University of Pennsylvania
btwn. 34th and 38th Sts. and Walnut and Spruce Sts.,
The Ivy League University of Pennsylvania, or “Penn” as it is locally called, is the oldest and most esteemed of the many universities in Philadelphia.
The first official university in the country was founded in part by Ben Franklin in 1740. Franklin designed an educational program that included practical applications in commerce and public service along with classics and theology. This laid the groundwork for the multidisciplinary and liberal arts curriculums practiced at many modern colleges and universities today, so you can blame Ben for all those annoying general education requirements.
The campus didn’t move to its current site until the 1870s, after more than a century in Center City.
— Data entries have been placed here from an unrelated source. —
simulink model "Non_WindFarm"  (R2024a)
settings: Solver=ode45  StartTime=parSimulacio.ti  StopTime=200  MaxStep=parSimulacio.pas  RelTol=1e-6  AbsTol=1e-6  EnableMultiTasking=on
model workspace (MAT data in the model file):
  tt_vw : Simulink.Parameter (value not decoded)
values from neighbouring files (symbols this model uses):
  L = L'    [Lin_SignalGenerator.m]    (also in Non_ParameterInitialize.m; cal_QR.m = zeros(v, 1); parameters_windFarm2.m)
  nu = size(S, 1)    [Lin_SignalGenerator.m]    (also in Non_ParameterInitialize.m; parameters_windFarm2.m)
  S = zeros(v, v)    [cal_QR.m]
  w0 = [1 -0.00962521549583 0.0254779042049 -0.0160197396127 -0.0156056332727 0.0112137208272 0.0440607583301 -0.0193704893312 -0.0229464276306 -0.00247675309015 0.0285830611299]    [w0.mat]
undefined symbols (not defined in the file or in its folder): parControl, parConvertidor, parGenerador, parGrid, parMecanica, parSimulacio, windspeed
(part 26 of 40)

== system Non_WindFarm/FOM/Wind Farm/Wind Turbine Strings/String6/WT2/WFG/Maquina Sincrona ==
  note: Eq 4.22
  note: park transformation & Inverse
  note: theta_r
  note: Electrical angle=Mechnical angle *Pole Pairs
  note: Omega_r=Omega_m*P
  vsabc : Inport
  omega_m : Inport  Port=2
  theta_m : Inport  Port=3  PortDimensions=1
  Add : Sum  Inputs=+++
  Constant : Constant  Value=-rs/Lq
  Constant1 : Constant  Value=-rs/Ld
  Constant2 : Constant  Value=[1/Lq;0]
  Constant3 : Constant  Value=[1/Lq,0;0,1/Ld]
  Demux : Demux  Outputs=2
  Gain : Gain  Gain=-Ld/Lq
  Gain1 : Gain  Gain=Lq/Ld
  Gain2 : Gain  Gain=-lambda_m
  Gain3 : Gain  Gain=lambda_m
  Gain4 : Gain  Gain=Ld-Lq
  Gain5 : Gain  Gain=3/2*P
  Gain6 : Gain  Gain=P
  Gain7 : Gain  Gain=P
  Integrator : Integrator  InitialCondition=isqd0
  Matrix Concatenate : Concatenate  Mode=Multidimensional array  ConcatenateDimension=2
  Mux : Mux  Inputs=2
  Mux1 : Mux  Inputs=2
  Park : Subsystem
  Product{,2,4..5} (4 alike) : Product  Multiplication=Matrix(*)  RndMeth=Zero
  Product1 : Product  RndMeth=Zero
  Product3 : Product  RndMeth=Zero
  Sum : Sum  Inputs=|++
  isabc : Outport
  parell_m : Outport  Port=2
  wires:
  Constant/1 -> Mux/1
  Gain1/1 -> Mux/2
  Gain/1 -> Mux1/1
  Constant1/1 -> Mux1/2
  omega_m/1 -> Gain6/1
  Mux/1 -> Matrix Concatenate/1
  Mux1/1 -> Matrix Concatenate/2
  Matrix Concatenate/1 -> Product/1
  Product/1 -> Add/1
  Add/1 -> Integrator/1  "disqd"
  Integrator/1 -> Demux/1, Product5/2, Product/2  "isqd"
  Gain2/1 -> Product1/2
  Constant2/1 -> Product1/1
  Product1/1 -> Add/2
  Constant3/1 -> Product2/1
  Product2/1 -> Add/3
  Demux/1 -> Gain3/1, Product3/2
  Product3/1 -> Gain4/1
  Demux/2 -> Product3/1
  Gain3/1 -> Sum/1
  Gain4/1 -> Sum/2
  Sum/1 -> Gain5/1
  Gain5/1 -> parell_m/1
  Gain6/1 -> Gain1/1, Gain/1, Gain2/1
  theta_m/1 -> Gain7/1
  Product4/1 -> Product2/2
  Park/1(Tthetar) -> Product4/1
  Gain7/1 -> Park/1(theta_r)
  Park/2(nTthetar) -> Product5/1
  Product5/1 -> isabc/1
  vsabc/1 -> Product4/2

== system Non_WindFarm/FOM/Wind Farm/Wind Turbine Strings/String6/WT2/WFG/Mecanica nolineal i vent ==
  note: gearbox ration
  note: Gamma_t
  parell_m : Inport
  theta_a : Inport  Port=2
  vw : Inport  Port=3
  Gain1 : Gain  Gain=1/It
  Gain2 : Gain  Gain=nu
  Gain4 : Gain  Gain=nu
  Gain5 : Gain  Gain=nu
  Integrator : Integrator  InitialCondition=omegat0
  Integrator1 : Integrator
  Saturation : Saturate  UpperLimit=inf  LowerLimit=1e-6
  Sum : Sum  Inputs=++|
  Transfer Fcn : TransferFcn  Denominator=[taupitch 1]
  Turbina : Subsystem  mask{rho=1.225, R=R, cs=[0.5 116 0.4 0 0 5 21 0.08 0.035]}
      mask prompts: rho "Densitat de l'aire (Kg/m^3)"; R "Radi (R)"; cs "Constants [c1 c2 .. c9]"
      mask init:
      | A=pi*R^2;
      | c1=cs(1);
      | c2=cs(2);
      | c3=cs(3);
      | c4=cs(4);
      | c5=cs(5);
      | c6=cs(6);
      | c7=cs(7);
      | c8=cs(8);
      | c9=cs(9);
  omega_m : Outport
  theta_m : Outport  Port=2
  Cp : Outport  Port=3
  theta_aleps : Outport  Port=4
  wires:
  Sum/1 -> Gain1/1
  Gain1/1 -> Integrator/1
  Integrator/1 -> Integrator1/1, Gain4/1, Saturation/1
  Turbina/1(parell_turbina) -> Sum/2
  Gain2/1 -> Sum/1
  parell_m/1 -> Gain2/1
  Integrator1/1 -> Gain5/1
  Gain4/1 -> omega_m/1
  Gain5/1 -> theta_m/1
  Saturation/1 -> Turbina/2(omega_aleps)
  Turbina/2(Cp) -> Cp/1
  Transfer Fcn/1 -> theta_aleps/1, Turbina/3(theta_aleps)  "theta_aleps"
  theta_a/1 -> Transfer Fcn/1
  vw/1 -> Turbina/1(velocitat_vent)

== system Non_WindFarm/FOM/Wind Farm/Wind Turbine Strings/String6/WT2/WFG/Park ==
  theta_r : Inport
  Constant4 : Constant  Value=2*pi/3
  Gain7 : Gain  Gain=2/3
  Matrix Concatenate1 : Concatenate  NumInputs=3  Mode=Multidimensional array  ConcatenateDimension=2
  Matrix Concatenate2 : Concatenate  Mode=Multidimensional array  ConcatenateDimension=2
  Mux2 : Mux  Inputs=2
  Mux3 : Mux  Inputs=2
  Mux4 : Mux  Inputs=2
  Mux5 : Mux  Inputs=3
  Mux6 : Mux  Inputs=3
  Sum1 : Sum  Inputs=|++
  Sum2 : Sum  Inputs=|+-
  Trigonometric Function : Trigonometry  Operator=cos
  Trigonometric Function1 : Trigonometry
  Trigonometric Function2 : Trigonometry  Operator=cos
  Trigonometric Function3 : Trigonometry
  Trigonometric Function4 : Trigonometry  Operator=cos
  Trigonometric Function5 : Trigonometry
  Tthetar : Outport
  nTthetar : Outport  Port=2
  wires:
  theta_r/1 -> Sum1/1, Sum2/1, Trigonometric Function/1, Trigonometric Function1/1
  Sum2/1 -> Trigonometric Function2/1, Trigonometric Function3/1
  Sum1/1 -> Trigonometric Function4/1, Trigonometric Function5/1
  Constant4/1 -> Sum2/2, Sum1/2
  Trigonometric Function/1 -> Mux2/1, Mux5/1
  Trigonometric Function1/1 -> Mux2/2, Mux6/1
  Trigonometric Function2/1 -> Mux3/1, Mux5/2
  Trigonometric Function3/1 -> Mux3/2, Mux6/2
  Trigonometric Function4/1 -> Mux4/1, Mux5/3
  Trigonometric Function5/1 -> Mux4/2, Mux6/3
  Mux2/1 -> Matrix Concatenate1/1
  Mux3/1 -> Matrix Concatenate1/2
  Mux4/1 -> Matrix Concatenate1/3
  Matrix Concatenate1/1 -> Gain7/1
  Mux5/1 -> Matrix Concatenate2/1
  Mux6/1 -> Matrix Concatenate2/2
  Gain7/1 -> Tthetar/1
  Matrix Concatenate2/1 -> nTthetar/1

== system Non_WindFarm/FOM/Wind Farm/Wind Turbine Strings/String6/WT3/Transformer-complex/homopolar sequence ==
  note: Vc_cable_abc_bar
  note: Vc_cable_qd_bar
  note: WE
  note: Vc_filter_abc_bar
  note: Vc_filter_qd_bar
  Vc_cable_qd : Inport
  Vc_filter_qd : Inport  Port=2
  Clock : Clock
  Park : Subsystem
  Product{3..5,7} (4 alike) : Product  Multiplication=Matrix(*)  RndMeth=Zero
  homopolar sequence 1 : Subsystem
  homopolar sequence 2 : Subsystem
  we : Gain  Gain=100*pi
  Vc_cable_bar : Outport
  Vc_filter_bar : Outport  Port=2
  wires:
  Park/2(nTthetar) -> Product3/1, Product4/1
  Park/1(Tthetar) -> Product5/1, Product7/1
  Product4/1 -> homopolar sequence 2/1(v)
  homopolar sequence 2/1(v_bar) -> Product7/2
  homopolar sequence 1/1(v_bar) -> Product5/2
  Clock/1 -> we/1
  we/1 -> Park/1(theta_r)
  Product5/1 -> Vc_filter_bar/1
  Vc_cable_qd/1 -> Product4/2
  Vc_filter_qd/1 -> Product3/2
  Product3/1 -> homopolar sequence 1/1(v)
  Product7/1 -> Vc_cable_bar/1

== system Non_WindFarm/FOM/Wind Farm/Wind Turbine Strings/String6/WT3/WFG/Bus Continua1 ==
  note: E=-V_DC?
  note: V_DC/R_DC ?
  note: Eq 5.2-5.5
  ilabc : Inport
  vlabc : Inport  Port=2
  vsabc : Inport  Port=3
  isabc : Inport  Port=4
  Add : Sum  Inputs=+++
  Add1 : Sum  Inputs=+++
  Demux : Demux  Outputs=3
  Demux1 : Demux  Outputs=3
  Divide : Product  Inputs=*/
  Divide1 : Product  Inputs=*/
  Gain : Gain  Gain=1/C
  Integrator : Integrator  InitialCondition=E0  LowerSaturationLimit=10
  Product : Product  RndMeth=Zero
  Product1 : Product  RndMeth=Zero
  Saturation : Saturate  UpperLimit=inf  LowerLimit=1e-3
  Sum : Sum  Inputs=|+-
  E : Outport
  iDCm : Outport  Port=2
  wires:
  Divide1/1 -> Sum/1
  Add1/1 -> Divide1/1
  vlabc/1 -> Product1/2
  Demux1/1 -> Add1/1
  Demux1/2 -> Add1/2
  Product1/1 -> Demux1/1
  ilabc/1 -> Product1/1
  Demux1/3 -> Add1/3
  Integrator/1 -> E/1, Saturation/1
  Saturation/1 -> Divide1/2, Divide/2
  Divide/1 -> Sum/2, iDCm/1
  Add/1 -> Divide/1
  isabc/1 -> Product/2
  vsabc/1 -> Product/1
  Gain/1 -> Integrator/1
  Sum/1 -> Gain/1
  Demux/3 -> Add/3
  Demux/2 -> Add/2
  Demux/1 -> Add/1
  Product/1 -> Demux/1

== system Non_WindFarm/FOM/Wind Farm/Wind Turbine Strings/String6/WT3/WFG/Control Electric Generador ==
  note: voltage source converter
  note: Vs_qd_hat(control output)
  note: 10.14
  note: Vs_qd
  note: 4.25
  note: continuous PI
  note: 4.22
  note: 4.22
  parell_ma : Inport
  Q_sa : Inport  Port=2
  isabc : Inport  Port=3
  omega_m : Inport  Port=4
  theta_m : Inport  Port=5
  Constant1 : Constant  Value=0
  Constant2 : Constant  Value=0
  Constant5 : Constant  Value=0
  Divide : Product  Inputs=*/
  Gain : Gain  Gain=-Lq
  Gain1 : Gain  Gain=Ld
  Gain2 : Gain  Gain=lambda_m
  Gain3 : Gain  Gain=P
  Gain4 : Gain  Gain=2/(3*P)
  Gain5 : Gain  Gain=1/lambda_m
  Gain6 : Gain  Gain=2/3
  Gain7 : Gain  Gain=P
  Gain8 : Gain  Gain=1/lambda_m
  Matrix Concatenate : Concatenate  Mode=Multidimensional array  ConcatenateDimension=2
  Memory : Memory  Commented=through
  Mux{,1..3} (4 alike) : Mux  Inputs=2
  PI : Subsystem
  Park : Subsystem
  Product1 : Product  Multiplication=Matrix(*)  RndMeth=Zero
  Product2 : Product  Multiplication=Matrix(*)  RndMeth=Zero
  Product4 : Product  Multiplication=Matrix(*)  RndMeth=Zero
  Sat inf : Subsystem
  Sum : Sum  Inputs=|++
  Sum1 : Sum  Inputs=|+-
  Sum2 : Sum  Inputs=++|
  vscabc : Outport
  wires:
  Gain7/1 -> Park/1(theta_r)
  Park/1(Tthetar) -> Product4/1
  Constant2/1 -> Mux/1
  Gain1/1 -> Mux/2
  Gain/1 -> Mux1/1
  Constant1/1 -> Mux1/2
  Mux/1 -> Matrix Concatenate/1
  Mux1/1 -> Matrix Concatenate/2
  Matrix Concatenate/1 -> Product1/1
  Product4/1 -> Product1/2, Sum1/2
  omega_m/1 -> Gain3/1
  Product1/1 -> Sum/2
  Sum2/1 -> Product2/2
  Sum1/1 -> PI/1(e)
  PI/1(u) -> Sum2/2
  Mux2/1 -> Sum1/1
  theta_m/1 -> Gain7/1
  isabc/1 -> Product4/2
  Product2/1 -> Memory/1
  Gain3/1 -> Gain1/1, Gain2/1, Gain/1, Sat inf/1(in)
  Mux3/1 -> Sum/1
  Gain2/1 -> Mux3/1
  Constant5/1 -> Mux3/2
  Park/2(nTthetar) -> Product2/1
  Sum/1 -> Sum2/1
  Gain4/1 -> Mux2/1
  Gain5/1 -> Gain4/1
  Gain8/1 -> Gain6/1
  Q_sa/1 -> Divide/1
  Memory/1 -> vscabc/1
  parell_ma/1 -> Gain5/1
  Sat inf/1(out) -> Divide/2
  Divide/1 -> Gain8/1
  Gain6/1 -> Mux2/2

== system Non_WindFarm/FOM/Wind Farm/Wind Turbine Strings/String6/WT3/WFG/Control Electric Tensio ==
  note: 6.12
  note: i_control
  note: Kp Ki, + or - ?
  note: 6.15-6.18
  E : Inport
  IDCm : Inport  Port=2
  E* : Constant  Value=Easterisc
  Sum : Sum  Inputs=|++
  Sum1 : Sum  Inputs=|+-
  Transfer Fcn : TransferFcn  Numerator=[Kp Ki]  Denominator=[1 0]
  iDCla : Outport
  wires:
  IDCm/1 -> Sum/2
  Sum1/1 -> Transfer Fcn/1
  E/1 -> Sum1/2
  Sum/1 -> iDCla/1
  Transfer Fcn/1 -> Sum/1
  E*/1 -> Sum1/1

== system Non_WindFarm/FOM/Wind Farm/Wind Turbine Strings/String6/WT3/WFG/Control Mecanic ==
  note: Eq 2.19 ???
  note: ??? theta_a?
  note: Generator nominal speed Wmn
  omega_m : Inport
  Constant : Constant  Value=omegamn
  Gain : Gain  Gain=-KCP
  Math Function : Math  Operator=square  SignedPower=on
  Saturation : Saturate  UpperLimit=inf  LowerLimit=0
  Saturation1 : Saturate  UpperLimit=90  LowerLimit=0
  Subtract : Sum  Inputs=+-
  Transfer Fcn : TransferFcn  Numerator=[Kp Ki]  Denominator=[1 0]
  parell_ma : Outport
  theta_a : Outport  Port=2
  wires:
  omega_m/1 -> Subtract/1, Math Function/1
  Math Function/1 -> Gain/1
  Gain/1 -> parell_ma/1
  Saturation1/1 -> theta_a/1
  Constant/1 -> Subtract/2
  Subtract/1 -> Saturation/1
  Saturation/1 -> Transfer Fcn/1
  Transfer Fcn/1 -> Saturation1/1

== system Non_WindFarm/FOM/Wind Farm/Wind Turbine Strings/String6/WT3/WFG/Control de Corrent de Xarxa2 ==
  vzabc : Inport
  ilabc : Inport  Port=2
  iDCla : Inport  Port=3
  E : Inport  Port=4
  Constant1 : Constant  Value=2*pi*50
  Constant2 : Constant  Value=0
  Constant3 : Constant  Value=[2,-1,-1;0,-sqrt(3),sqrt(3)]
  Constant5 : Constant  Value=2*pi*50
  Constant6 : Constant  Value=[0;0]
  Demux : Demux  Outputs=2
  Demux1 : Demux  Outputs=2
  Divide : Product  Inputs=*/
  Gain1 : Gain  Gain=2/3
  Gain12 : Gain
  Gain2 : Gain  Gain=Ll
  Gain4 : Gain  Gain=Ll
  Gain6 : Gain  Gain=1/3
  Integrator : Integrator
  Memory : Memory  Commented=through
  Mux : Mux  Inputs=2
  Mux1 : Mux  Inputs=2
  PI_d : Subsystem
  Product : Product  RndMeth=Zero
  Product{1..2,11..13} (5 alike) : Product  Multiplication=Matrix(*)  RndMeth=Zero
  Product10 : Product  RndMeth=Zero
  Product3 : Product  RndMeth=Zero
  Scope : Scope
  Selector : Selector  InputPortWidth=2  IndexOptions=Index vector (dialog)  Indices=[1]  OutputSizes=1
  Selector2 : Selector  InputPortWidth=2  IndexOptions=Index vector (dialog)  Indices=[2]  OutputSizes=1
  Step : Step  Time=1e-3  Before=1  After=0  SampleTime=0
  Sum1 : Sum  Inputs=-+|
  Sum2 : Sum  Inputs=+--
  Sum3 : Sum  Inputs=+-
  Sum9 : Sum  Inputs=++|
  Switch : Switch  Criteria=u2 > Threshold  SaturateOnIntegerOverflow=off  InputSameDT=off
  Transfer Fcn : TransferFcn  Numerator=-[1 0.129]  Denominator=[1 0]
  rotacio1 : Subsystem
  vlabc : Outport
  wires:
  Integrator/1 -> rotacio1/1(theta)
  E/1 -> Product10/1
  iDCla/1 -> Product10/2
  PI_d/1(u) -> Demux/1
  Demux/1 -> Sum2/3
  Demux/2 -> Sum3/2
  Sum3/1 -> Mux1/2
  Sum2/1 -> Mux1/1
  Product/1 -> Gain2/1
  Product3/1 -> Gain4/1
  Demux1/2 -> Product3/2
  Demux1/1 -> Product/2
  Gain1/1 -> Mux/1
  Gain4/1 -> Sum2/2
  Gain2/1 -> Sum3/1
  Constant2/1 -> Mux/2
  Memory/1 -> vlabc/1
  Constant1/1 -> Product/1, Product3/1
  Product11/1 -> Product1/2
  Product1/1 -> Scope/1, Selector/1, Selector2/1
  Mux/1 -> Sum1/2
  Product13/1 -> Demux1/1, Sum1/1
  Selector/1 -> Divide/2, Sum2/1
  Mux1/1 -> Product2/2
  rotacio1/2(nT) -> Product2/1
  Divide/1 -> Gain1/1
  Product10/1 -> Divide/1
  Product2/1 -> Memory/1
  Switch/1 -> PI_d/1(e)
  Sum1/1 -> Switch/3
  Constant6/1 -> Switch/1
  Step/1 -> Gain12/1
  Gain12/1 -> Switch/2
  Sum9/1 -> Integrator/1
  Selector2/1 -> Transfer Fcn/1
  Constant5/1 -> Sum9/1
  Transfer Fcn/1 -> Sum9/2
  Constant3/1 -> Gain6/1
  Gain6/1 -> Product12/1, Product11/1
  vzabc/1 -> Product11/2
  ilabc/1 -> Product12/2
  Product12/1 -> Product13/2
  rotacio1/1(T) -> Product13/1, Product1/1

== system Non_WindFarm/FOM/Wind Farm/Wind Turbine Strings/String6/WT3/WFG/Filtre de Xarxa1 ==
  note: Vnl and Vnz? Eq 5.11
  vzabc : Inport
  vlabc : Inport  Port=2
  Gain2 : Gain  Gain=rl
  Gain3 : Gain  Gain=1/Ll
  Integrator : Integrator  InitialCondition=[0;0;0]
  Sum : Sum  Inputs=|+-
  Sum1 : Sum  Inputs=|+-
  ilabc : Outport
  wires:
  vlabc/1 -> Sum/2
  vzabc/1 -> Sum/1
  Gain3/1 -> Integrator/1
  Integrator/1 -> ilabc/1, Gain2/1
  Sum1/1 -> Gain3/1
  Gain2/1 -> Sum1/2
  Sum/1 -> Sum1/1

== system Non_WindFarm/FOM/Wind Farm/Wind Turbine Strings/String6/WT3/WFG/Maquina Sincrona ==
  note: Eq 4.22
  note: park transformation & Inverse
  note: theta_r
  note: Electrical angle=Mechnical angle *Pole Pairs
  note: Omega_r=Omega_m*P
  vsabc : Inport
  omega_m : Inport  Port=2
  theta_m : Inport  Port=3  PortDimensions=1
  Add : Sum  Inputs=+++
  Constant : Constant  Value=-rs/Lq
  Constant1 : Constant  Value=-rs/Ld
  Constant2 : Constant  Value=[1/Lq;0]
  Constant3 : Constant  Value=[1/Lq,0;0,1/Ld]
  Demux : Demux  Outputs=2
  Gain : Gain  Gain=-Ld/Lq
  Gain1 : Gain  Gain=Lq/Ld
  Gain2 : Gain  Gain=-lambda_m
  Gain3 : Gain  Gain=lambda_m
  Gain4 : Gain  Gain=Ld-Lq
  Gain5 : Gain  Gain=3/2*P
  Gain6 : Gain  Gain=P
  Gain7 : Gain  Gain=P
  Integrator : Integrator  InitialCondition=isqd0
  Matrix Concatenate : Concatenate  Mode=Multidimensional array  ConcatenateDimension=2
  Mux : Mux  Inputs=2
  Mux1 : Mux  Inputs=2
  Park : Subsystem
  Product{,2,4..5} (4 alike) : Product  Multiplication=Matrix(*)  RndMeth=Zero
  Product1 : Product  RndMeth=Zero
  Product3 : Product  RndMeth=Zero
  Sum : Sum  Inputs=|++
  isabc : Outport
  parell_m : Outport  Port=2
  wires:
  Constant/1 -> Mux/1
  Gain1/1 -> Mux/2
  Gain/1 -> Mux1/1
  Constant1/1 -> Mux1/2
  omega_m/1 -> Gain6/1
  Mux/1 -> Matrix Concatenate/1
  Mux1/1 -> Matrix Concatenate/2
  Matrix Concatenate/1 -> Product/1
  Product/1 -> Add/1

Today, the attractive campus is in the heart of University City, the most developed section of West Philadelphia just across the bridge from Center City. Be sure to stroll along Locust Walk, the typical ivy-covered walkway lined with trees and stately architecture. If school is in session, you’ll be surrounded by Penn students promoting fraternity parties, groups, and events and enjoying college life.
No matter when you come, you’ll notice the many monuments to Ben Franklin along and around the walk. Sit next to his bronze sculpture on a bench near 36th and Walnut Streets for a popular photo op. A large statue of him sits on a pedestal on Locust Walk near 34th and Walnut Streets.
Across from the statue, you’ll see a modern statue of a large broken button, courtesy of Claes Oldenberg, also responsible for the Clothespin sculpture near City Hall. Rumor has it that the ultimate feat for a Penn student is to have sex on the button—although it’s hard to imagine this is possible considering the near-constant bustle of Locust Walk.
Beyond the button is the Van Pelt Library, an excellent place to study, read, or use the free Internet, or to visit the rare books room on the 6th floor. The library is open to the public with a photo ID. There are many notable buildings worth exploring on campus, but be sure to stop in at the rotating exhibit in the Arthur Ross Gallery in the stunning Fisher Fine Arts Library (across College Green from the Van Pelt Library). And all true sports fans will want to see the historic basketball arena, the Palestra (220 S. 32nd St.).